Records from a data collection
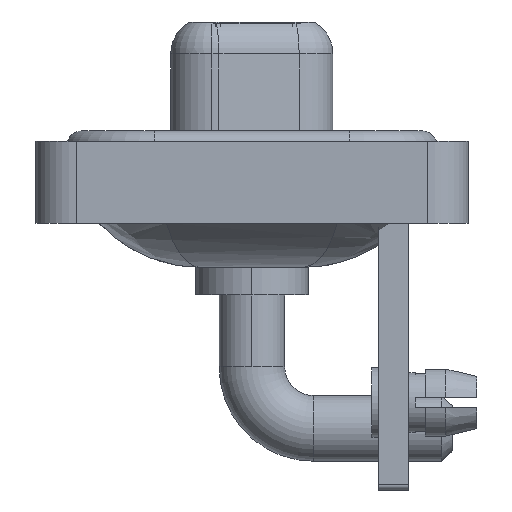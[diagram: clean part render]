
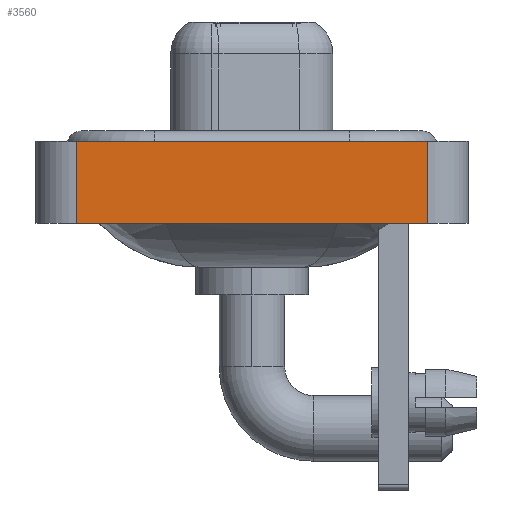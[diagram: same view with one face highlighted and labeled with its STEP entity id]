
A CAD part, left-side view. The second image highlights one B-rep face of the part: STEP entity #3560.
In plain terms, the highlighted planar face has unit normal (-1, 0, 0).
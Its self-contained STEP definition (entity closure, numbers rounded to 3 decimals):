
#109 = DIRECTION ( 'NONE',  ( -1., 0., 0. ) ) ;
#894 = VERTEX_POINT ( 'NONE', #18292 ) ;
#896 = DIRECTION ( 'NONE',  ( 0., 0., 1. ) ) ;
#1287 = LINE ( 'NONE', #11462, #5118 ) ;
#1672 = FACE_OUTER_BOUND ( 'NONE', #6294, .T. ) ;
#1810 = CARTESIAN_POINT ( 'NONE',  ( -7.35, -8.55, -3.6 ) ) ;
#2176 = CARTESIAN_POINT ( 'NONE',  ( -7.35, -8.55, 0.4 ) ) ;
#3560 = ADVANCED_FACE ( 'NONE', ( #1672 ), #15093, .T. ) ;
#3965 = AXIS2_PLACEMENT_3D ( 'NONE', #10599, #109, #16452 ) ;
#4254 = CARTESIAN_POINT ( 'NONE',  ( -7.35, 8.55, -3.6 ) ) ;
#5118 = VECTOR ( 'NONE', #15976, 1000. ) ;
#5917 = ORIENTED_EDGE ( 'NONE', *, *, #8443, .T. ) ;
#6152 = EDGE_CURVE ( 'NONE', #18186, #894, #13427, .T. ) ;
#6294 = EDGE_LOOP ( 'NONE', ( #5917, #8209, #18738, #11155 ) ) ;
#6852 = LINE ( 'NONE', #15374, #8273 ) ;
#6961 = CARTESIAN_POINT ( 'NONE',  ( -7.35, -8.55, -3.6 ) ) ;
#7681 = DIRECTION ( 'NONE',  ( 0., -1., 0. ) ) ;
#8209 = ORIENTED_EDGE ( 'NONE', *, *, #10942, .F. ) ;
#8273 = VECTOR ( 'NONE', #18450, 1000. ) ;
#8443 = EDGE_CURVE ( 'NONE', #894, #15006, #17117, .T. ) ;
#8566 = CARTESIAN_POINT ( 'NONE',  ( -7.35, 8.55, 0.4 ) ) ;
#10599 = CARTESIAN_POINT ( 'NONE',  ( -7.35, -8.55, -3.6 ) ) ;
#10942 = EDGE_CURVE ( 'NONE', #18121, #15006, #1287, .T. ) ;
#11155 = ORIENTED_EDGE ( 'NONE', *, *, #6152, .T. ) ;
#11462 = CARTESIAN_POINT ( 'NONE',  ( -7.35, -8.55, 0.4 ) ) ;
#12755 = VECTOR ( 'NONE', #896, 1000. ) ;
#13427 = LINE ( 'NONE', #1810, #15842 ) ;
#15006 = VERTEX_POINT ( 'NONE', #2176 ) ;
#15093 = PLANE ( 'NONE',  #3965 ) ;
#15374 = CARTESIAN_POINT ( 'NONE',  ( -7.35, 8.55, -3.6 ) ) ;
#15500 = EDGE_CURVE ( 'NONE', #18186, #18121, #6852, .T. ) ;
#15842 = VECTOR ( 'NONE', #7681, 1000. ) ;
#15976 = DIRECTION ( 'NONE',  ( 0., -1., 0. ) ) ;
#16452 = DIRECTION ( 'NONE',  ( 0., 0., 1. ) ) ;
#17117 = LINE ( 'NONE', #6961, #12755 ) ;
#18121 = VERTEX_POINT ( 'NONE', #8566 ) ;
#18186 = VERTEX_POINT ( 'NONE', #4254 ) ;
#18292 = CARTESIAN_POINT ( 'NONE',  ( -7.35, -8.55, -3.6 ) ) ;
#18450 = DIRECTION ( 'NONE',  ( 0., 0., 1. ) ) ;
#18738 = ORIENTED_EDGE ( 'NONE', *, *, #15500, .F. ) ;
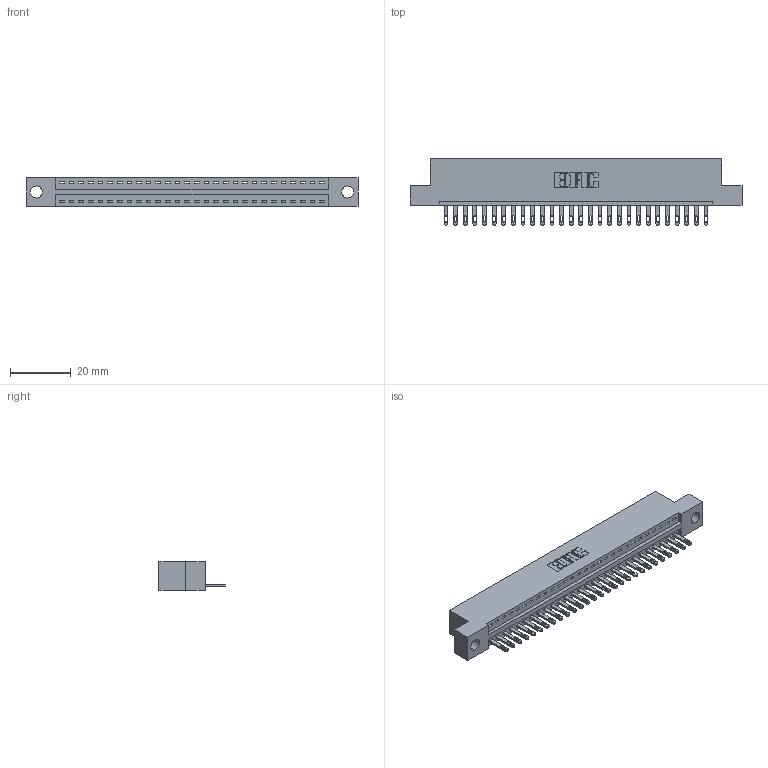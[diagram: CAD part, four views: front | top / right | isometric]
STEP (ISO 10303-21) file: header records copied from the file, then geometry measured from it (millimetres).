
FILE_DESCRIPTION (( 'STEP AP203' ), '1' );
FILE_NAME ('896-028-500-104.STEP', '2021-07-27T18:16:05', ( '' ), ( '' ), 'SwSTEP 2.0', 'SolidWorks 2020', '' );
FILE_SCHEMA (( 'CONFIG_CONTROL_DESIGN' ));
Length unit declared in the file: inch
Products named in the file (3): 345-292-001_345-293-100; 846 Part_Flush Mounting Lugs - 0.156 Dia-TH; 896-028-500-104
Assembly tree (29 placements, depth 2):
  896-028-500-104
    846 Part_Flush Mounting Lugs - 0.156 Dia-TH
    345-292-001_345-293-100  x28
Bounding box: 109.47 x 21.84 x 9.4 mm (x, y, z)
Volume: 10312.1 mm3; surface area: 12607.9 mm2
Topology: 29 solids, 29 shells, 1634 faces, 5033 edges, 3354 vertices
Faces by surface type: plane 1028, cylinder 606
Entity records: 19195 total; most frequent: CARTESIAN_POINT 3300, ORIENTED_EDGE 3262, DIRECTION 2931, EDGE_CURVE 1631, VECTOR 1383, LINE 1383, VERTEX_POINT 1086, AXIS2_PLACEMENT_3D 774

> [THE PROBLEM] Only the lines above from the one with "#8209 = ORIENTED_EDGE" through the one with "#15842 = VECTOR ( 'NONE', #7681, 1000. ) ;" should be duplicated, character for character.

> [WRITTEN SOLUTION]
#8209 = ORIENTED_EDGE ( 'NONE', *, *, #10942, .F. ) ;
#8273 = VECTOR ( 'NONE', #18450, 1000. ) ;
#8443 = EDGE_CURVE ( 'NONE', #894, #15006, #17117, .T. ) ;
#8566 = CARTESIAN_POINT ( 'NONE',  ( -7.35, 8.55, 0.4 ) ) ;
#10599 = CARTESIAN_POINT ( 'NONE',  ( -7.35, -8.55, -3.6 ) ) ;
#10942 = EDGE_CURVE ( 'NONE', #18121, #15006, #1287, .T. ) ;
#11155 = ORIENTED_EDGE ( 'NONE', *, *, #6152, .T. ) ;
#11462 = CARTESIAN_POINT ( 'NONE',  ( -7.35, -8.55, 0.4 ) ) ;
#12755 = VECTOR ( 'NONE', #896, 1000. ) ;
#13427 = LINE ( 'NONE', #1810, #15842 ) ;
#15006 = VERTEX_POINT ( 'NONE', #2176 ) ;
#15093 = PLANE ( 'NONE',  #3965 ) ;
#15374 = CARTESIAN_POINT ( 'NONE',  ( -7.35, 8.55, -3.6 ) ) ;
#15500 = EDGE_CURVE ( 'NONE', #18186, #18121, #6852, .T. ) ;
#15842 = VECTOR ( 'NONE', #7681, 1000. ) ;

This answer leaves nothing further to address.